Sabtu, 28 Desember 2013

Reportase: Maiyahan bersama Cak Nun dan KiaiKanjeng di Karawang



Ditulis Oleh: Red/KC

Minggu 15 Desember 2013, selepas dari Kenduri Cinta malam sebelumnya, Cak Nun bersama KiaiKanjeng sudah berada di Lapangan Karang Pawitan Karawang. Maiyahan kali ini dihadiri oleh masyarakat beserta Bupati Karawang, Bapak Ade Swara, dan jajaran Muspida. Berlangsung dari pukul 20.00 sampai hampir tengah malam, Maiyahan Karawang meriah dihiasi nomor-nomor Kiaikanjeng yang merangkum kearifan Sunda bersama suku-suku lain dalam rangka kebersamaan Indonesia.

Karakter Manuk Dadali dan lagu-lagu Sunda lainnya memiliki kemiripan dengan musik Jepang dan Rusia. Bahwa konstelasi dunia ini tidak seperti yang kita pikir sekarang. Dulu manusia menyebar sampai ke benua-benua yang berlainan semuanya berasal dari Tanah Sunda – meskipun pada saat itu Sunda dan Jawa belum mengalami metamorfosis, di mana metamorfosis itu menjadi ekstrim setelah Gajahmada menyerbu rombongan Prabu Siliwangi sampai terjadi Perang Bubat.

Selain Manuk Dadali, dibawakan pula nomor Shalawat Badar versi Sunda, Gundul Pacul, Dunya La Tarham, Renungkanlah, Lir-Ilir. Dari shalawat Dunya La Tarham kita diajari untuk tidak mencintai dunia.

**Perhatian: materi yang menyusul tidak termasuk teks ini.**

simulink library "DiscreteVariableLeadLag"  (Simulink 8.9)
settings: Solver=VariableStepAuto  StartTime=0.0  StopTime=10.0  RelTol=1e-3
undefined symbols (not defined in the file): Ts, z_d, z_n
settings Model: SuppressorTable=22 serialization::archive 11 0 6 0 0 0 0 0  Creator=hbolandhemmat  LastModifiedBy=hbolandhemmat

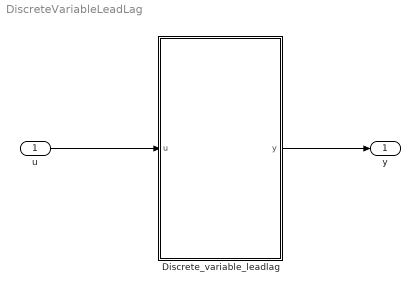
== system DiscreteVariableLeadLag ==
  u : Inport
  Discrete_variable_leadlag : Subsystem
  y : Outport
  wires:
  u/1 -> Discrete_variable_leadlag/1(u)
  Discrete_variable_leadlag/1(y) -> y/1

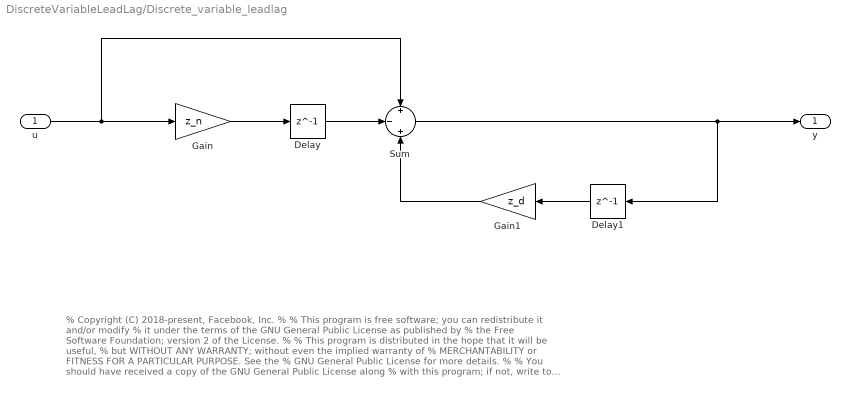
== system DiscreteVariableLeadLag/Discrete_variable_leadlag ==
  note: % Copyright (C) 2018-present, Facebook, Inc.
      | %
      | % This program is free software; you can redistribute it and/or modify
      | % it under the terms of the GNU General Public License as published by
      | % the Free Software Foundation; version 2 of the License.
      | %
      | % This program is distributed in the hope that it will be useful,
      | % but WITHOUT ANY WARRANTY; without even the implied warranty of
      | % MERCHANTABILITY or FITNESS FOR A PARTICULAR PURPOSE. See the
      | % GNU General Public License for more details.
      | %
      | % You should have received a copy of the GNU General Public License along
      | % with this program; if not, write to the Free Software Foundation, Inc.,
      | % 51 Franklin Street, Fifth Floor, Boston, MA 02110-1301 USA.
  u : Inport
  Delay : Delay  DelayLength=1  InitialCondition=0  SampleTime=Ts
  Delay1 : Delay  DelayLength=1  InitialCondition=0  SampleTime=Ts
  Gain : Gain  Gain=z_n
  Gain1 : Gain  Gain=z_d
  Sum : Sum  Inputs=+|-|+
  y : Outport
  wires:
  Delay1/1 -> Gain1/1
  u/1 -> Sum/1, Gain/1
  Delay/1 -> Sum/2
  Gain1/1 -> Sum/3
  Sum/1 -> y/1, Delay1/1
  Gain/1 -> Delay/1
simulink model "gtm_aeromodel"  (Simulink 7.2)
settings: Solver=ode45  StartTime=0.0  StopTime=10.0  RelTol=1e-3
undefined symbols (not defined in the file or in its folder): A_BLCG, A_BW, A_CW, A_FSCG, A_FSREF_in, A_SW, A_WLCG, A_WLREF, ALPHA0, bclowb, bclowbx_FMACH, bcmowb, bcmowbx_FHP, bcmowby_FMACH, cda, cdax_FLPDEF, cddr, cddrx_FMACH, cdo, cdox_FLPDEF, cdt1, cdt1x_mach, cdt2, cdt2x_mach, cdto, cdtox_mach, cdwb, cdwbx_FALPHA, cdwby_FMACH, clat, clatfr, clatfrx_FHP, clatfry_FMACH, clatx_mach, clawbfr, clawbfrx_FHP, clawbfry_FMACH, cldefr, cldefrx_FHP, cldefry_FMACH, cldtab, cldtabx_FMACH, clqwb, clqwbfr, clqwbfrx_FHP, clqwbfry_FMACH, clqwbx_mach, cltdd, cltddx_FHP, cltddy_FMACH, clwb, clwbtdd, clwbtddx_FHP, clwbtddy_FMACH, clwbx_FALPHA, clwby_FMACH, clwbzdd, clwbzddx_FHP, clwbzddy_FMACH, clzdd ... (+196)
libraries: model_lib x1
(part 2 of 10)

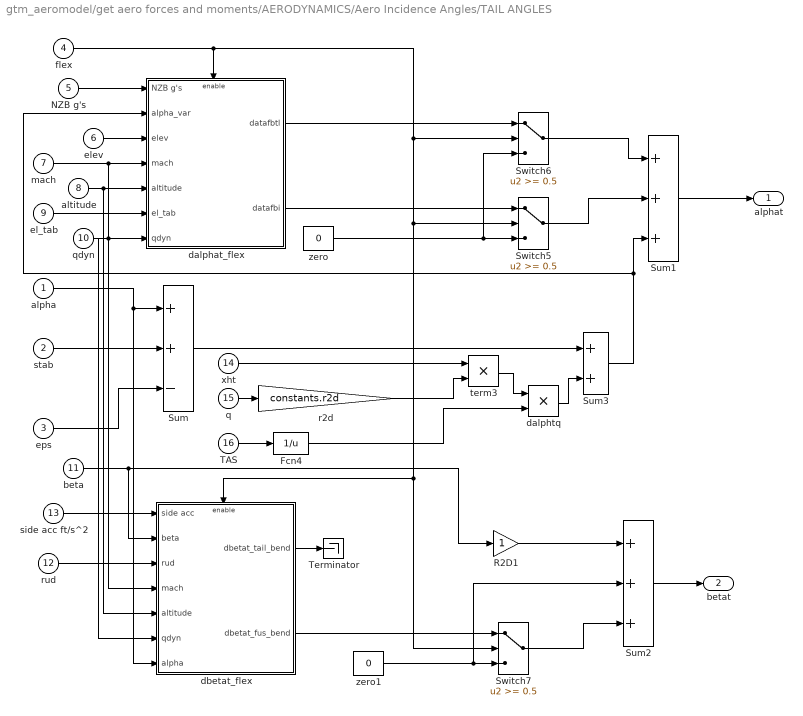
== system gtm_aeromodel/get aero forces and moments/AERODYNAMICS/Aero Incidence Angles/TAIL ANGLES ==
  alpha : Inport  OutDataType=sfix(16)  OutScaling=2^0
  stab : Inport  Port=2  OutDataType=sfix(16)  OutScaling=2^0
  eps : Inport  Port=3  OutDataType=sfix(16)  OutScaling=2^0
  flex : Inport  Port=4  OutDataType=sfix(16)  OutScaling=2^0
  NZB g's : Inport  Port=5  OutDataType=sfix(16)  OutScaling=2^0
  elev : Inport  Port=6  OutDataType=sfix(16)  OutScaling=2^0
  mach : Inport  Port=7  OutDataType=sfix(16)  OutScaling=2^0
  altitude : Inport  Port=8  OutDataType=sfix(16)  OutScaling=2^0
  el_tab : Inport  Port=9  OutDataType=sfix(16)  OutScaling=2^0
  qdyn : Inport  Port=10  OutDataType=sfix(16)  OutScaling=2^0
  beta : Inport  Port=11  OutDataType=sfix(16)  OutScaling=2^0
  rud : Inport  Port=12  OutDataType=sfix(16)  OutScaling=2^0
  side acc ft/s^2 : Inport  Port=13  OutDataType=sfix(16)  OutScaling=2^0
  xht : Inport  Port=14  OutDataType=sfix(16)  OutScaling=2^0
  q : Inport  Port=15  OutDataType=sfix(16)  OutScaling=2^0
  TAS : Inport  Port=16  OutDataType=sfix(16)  OutScaling=2^0
  Fcn4 : Fcn  Expr=1/u
  R2D1 : Gain  ParameterDataType=sfix(16)  ParameterScaling=2^0  OutDataType=sfix(16)  OutScaling=2^0  SaturateOnIntegerOverflow=on  OutDataTypeStr=Inherit: Same as input  ParamDataTypeStr=Inherit: Same as input
  Sum : Sum  Inputs=++-  OutDataType=sfix(16)  OutScaling=2^0  SaturateOnIntegerOverflow=on  InputSameDT=on  OutDataTypeStr=Inherit: Same as first input
  Sum1 : Sum  Inputs=+++  OutDataType=sfix(16)  OutScaling=2^0  SaturateOnIntegerOverflow=on  InputSameDT=on  OutDataTypeStr=Inherit: Same as first input
  Sum2 : Sum  Inputs=+++  OutDataType=sfix(16)  OutScaling=2^0  SaturateOnIntegerOverflow=on  InputSameDT=on  OutDataTypeStr=Inherit: Same as first input
  Sum3 : Sum  OutDataType=sfix(16)  OutScaling=2^0  SaturateOnIntegerOverflow=on  InputSameDT=on  OutDataTypeStr=Inherit: Same as first input
  Switch5 : Switch  Threshold=0.5  SaturateOnIntegerOverflow=on  InputSameDT=on
  Switch6 : Switch  Threshold=0.5  SaturateOnIntegerOverflow=on  InputSameDT=on
  Switch7 : Switch  Threshold=0.5  SaturateOnIntegerOverflow=on  InputSameDT=on
  Terminator : Terminator
  dalphat_flex : Subsystem  TreatAsAtomicUnit=on
  dalphtq : Product  OutDataType=sfix(16)  OutScaling=2^0  SaturateOnIntegerOverflow=on  RndMeth=Zero  InputSameDT=on  OutDataTypeStr=Inherit: Same as first input
  dbetat_flex : Subsystem  TreatAsAtomicUnit=on
  r2d : Gain  Gain=constants.r2d  ParameterDataType=sfix(16)  ParameterScaling=2^0  OutDataType=sfix(16)  OutScaling=2^0  SaturateOnIntegerOverflow=on  OutDataTypeStr=Inherit: Same as input  ParamDataTypeStr=Inherit: Same as input
  term3 : Product  OutDataType=sfix(16)  OutScaling=2^0  SaturateOnIntegerOverflow=on  RndMeth=Zero  InputSameDT=on  OutDataTypeStr=Inherit: Same as first input
  zero : Constant  Value=0  OutDataType=sfix(16)  OutScaling=2^0
  zero1 : Constant  Value=0  OutDataType=sfix(16)  OutScaling=2^0
  alphat : Outport  OutDataType=sfix(16)  OutScaling=2^0
  betat : Outport  Port=2  OutDataType=sfix(16)  OutScaling=2^0
  wires:
  r2d/1 -> term3/2
  q/1 -> r2d/1
  alpha/1 -> Sum/1, dbetat_flex/7(alpha)
  stab/1 -> Sum/2
  eps/1 -> Sum/3
  dalphtq/1 -> Sum3/2
  Switch5/1 -> Sum1/2
  Switch6/1 -> Sum1/1
  R2D1/1 -> Sum2/1
  mach/1 -> dbetat_flex/4(mach), dalphat_flex/4(mach)
  altitude/1 -> dbetat_flex/5(altitude), dalphat_flex/5(altitude)
  qdyn/1 -> dbetat_flex/6(qdyn), dalphat_flex/7(qdyn)
  flex/1 -> dalphat_flex/Enable, dbetat_flex/Enable, Switch7/2, Switch5/2, Switch6/2
  zero/1 -> Switch5/3, Switch6/3
  dalphat_flex/2(datafbi) -> Switch5/1
  NZB g's/1 -> dalphat_flex/1(NZB g's)
  elev/1 -> dalphat_flex/3(elev)
  el_tab/1 -> dalphat_flex/6(el_tab)
  side acc ft/s^2/1 -> dbetat_flex/1("side acc ")
  rud/1 -> dbetat_flex/3(rud)
  beta/1 -> R2D1/1, dbetat_flex/2(beta)
  Sum2/1 -> betat/1
  dbetat_flex/1(dbetat_tail_bend) -> Terminator/1
  xht/1 -> term3/1
  TAS/1 -> Fcn4/1
  term3/1 -> dalphtq/1
  Fcn4/1 -> dalphtq/2
  dalphat_flex/1(datafbtl) -> Switch6/1
  Sum/1 -> Sum3/1
  Sum3/1 -> dalphat_flex/2(alpha_var), Sum1/3
  dbetat_flex/2(dbetat_fus_bend) -> Switch7/1
  Switch7/1 -> Sum2/3
  zero1/1 -> Sum2/2, Switch7/3
  Sum1/1 -> alphat/1

== system gtm_aeromodel/get aero forces and moments/AERODYNAMICS/Force  Coefficients/DRAG  ==
  flex : Inport  OutDataType=sfix(16)  OutScaling=2^0
  ige : Inport  Port=2  OutDataType=sfix(16)  OutScaling=2^0
  hob : Inport  Port=3  OutDataType=sfix(16)  OutScaling=2^0
  alpha : Inport  Port=4  OutDataType=sfix(16)  OutScaling=2^0
  mach : Inport  Port=5  OutDataType=sfix(16)  OutScaling=2^0
  altitude : Inport  Port=6  OutDataType=sfix(16)  OutScaling=2^0
  flap : Inport  Port=7  OutDataType=sfix(16)  OutScaling=2^0
  gear : Inport  Port=8  OutDataType=sfix(16)  OutScaling=2^0
  dsb : Inport  Port=9  OutDataType=sfix(16)  OutScaling=2^0
  dsl : Inport  Port=10  OutDataType=sfix(16)  OutScaling=2^0
  rud : Inport  Port=11  OutDataType=sfix(16)  OutScaling=2^0
  aill : Inport  Port=12  OutDataType=sfix(16)  OutScaling=2^0
  alphat : Inport  Port=13  OutDataType=sfix(16)  OutScaling=2^0
  elev : Inport  Port=14  OutDataType=sfix(16)  OutScaling=2^0
  ailr : Inport  Port=15  OutDataType=sfix(16)  OutScaling=2^0
  dsr : Inport  Port=16  OutDataType=sfix(16)  OutScaling=2^0
  clwb : Inport  Port=17  OutDataType=sfix(16)  OutScaling=2^0
  CDAIL : Subsystem
  CDGE : Subsystem  TreatAsAtomicUnit=on
  CDGEAR : Subsystem
  CDR : Subsystem
  CDSPOIL : Subsystem
  CDTP : Subsystem
  CDWB : Subsystem
  DCDDEL : Subsystem
  Sum1 : Sum  Inputs=+++++  OutDataType=sfix(16)  OutScaling=2^0  SaturateOnIntegerOverflow=on  InputSameDT=on  OutDataTypeStr=Inherit: Same as first input
  Sum8 : Sum  Inputs=++++++++  OutDataType=sfix(16)  OutScaling=2^0  SaturateOnIntegerOverflow=on  InputSameDT=on  OutDataTypeStr=Inherit: Same as first input
  Switch6 : Switch  Threshold=0.5  SaturateOnIntegerOverflow=on  InputSameDT=on
  bcddf : Subsystem  TreatAsAtomicUnit=on
  bcdwb : Subsystem
  constant1 : Constant  Value=0.0  OutDataType=sfix(16)  OutScaling=2^0
  CD8 : Outport  OutDataType=sfix(16)  OutScaling=2^0  InitialOutput=0
  cdtp : Outport  Port=2  OutDataType=sfix(16)  OutScaling=2^0  InitialOutput=0
  dcddel : Outport  Port=3  OutDataType=sfix(16)  OutScaling=2^0  InitialOutput=0
  wires:
  bcddf/1(bcddf) -> Sum8/8
  bcdwb/1(bcdwb_) -> Sum8/7
  DCDDEL/1(dcdde) -> dcddel/1
  CDAIL/1(cdail) -> Sum8/6
  CDTP/1(cdtp) -> cdtp/1
  CDGEAR/1(cdg) -> Sum8/4
  CDR/1(cdrud) -> Sum8/3
  CDSPOIL/3(cd_sp_int_df) -> Sum1/4
  CDSPOIL/2(cd_sb) -> Sum1/3
  CDSPOIL/1(cd_spoil) -> Sum1/2
  CDWB/3(dcdsbfint) -> Sum1/5
  CDWB/2(cd_flap) -> Sum1/1
  CDWB/1(cdwb) -> Sum8/1
  Sum8/1 -> CD8/1
  Sum1/1 -> Sum8/2
  flap/1 -> CDWB/3(flap), CDGEAR/1(flap), CDGE/3(flap), bcddf/1(flap), CDSPOIL/5(flap)
  mach/1 -> CDWB/2(mach), CDR/1(mach), CDTP/1(mach), DCDDEL/3(mach), CDSPOIL/4(mach)
  alpha/1 -> CDWB/1(alpha), CDGEAR/2(alpha), CDGE/2(alpha), CDSPOIL/3(alpha)
  alphat/1 -> CDTP/2(alphat), DCDDEL/2(alphat)
  elev/1 -> DCDDEL/1(elev)
  ailr/1 -> CDAIL/2(ailr)
  hob/1 -> CDGE/1(hob)
  aill/1 -> CDAIL/1(aill)
  constant1/1 -> Switch6/3
  CDGE/1(cdge) -> Switch6/1
  Switch6/1 -> Sum8/5
  ige/1 -> Switch6/2
  rud/1 -> CDR/2(rud)
  gear/1 -> CDGEAR/3(gear)
  dsl/1 -> CDSPOIL/2(dsl)
  dsr/1 -> CDSPOIL/6(dsr)
  altitude/1 -> CDWB/5(altitude)
  flex/1 -> CDWB/4(flex)
  dsb/1 -> CDSPOIL/1(dsb), CDWB/6(dsb)
  clwb/1 -> bcdwb/1(clwb)

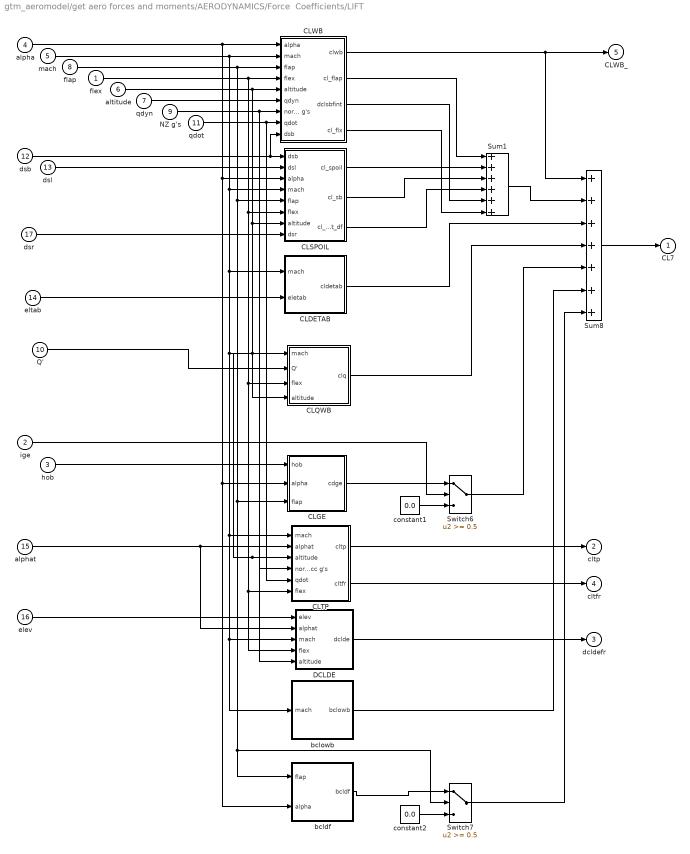
== system gtm_aeromodel/get aero forces and moments/AERODYNAMICS/Force  Coefficients/LIFT ==
  flex : Inport  OutDataType=sfix(16)  OutScaling=2^0
  ige : Inport  Port=2  OutDataType=sfix(16)  OutScaling=2^0
  hob : Inport  Port=3  OutDataType=sfix(16)  OutScaling=2^0
  alpha : Inport  Port=4  OutDataType=sfix(16)  OutScaling=2^0
  mach : Inport  Port=5  OutDataType=sfix(16)  OutScaling=2^0
  altitude : Inport  Port=6  OutDataType=sfix(16)  OutScaling=2^0
  qdyn : Inport  Port=7  OutDataType=sfix(16)  OutScaling=2^0
  flap : Inport  Port=8  OutDataType=sfix(16)  OutScaling=2^0
  NZ g's : Inport  Port=9  OutDataType=sfix(16)  OutScaling=2^0
  Q' : Inport  Port=10  OutDataType=sfix(16)  OutScaling=2^0
  qdot : Inport  Port=11  OutDataType=sfix(16)  OutScaling=2^0
  dsb : Inport  Port=12  OutDataType=sfix(16)  OutScaling=2^0
  dsl : Inport  Port=13  OutDataType=sfix(16)  OutScaling=2^0
  eltab : Inport  Port=14  OutDataType=sfix(16)  OutScaling=2^0
  alphat : Inport  Port=15  OutDataType=sfix(16)  OutScaling=2^0
  elev : Inport  Port=16  OutDataType=sfix(16)  OutScaling=2^0
  dsr : Inport  Port=17  OutDataType=sfix(16)  OutScaling=2^0
  CLDETAB : Subsystem
  CLGE : Subsystem  TreatAsAtomicUnit=on
  CLQWB : Subsystem
  CLSPOIL : Subsystem
  CLTP : Subsystem
  CLWB : Subsystem
  DCLDE : Subsystem
  Sum1 : Sum  Inputs=++++++  OutDataType=sfix(16)  OutScaling=2^0  SaturateOnIntegerOverflow=on  InputSameDT=on  OutDataTypeStr=Inherit: Same as first input
  Sum8 : Sum  Inputs=+++++++  OutDataType=sfix(16)  OutScaling=2^0  SaturateOnIntegerOverflow=on  InputSameDT=on  OutDataTypeStr=Inherit: Same as first input
  Switch6 : Switch  Threshold=0.5  SaturateOnIntegerOverflow=on  InputSameDT=on
  Switch7 : Switch  Threshold=0.5  SaturateOnIntegerOverflow=on  InputSameDT=on
  bcldf : Subsystem  TreatAsAtomicUnit=on
  bclowb : Subsystem
  constant1 : Constant  Value=0.0  OutDataType=sfix(16)  OutScaling=2^0
  constant2 : Constant  Value=0.0  OutDataType=sfix(16)  OutScaling=2^0
  CL7 : Outport  OutDataType=sfix(16)  OutScaling=2^0  InitialOutput=0
  cltp : Outport  Port=2  OutDataType=sfix(16)  OutScaling=2^0  InitialOutput=0
  dcldefr : Outport  Port=3  OutDataType=sfix(16)  OutScaling=2^0  InitialOutput=0
  cltfr : Outport  Port=4  OutDataType=sfix(16)  OutScaling=2^0  InitialOutput=0
  CLWB_ : Outport  Port=5  OutDataType=sfix(16)  OutScaling=2^0  InitialOutput=0
  wires:
  CLWB/4(cl_flx) -> Sum1/6
  CLWB/1(clwb) -> CLWB_/1, Sum8/1
  alpha/1 -> CLSPOIL/3(alpha), CLGE/2(alpha), bcldf/2(alpha), CLWB/1(alpha)
  mach/1 -> CLSPOIL/4(mach), bclowb/1(mach), DCLDE/3(mach), CLTP/1(mach), CLQWB/1(mach), CLDETAB/1(mach), CLWB/2(mach)
  flap/1 -> CLSPOIL/5(flap), CLGE/3(flap), Switch7/2, bcldf/1(flap), CLWB/3(flap)
  altitude/1 -> DCLDE/5(altitude), CLTP/3(altitude), CLQWB/4(altitude), CLSPOIL/7(altitude), CLWB/5(altitude)
  qdot/1 -> CLTP/5(qdot), CLWB/8(qdot)
  NZ g's/1 -> CLTP/4(norm acc g's), CLWB/7(norm acc g's)
  qdyn/1 -> CLWB/6(qdyn)
  flex/1 -> CLQWB/3(flex), DCLDE/4(flex), CLTP/6(flex), CLSPOIL/6(flex), CLWB/4(flex)
  Switch7/1 -> Sum8/7
  bclowb/1(bclowb) -> Sum8/6
  CLTP/1(cltp) -> cltp/1
  DCLDE/1(dclde) -> dcldefr/1
  CLTP/2(cltfr) -> cltfr/1
  CLQWB/1(clq) -> Sum8/4
  CLSPOIL/3(cl_sp_int_df) -> Sum1/4
  CLDETAB/1(cldetab) -> Sum8/3
  CLSPOIL/2(cl_sb) -> Sum1/3
  CLSPOIL/1(cl_spoil) -> Sum1/2
  CLWB/3(dclsbfint) -> Sum1/5
  CLWB/2(cl_flap) -> Sum1/1
  dsb/1 -> CLWB/9(dsb), CLSPOIL/1(dsb)
  dsr/1 -> CLSPOIL/8(dsr)
  hob/1 -> CLGE/1(hob)
  ige/1 -> Switch6/2
  CLGE/1(cdge) -> Switch6/1
  Switch6/1 -> Sum8/5
  elev/1 -> DCLDE/1(elev)
  alphat/1 -> DCLDE/2(alphat), CLTP/2(alphat)
  eltab/1 -> CLDETAB/2(eletab)
  dsl/1 -> CLSPOIL/2(dsl)
  Sum8/1 -> CL7/1
  Sum1/1 -> Sum8/2
  constant1/1 -> Switch6/3
  constant2/1 -> Switch7/3
  bcldf/1(bcldf) -> Switch7/1
  Q'/1 -> CLQWB/2(Q')

== system gtm_aeromodel/get aero forces and moments/AERODYNAMICS/Force  Coefficients/SIDE ==
  note: dcyt
  flex : Inport  OutDataType=sfix(16)  OutScaling=2^0
  alpha : Inport  Port=2  OutDataType=sfix(16)  OutScaling=2^0
  mach : Inport  Port=3  OutDataType=sfix(16)  OutScaling=2^0
  altitude : Inport  Port=4  OutDataType=sfix(16)  OutScaling=2^0
  flap : Inport  Port=5  OutDataType=sfix(16)  OutScaling=2^0
  gear : Inport  Port=6  OutDataType=sfix(16)  OutScaling=2^0
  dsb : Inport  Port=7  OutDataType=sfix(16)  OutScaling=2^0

Cukup letakkan dunia di genggaman tangan, jangan masukkan ke pikiran dan hati.

Lagu Renungkanlah dipilih supaya kita mampu lebih menghargai khasanah lagu-lagu Melayu lama yang telah sejak lama kita tinggalkan. Kita lebih suka dangdut, dan lama-lama dangdut membunuh dirinya sendiri. Musik tidak lagi penting, apalagi pemain musiknya, karena yang utama adalah goyangannya. Hal yang sama terjadi juga pada musik pop dan pada dimensi lain yang lebih luas.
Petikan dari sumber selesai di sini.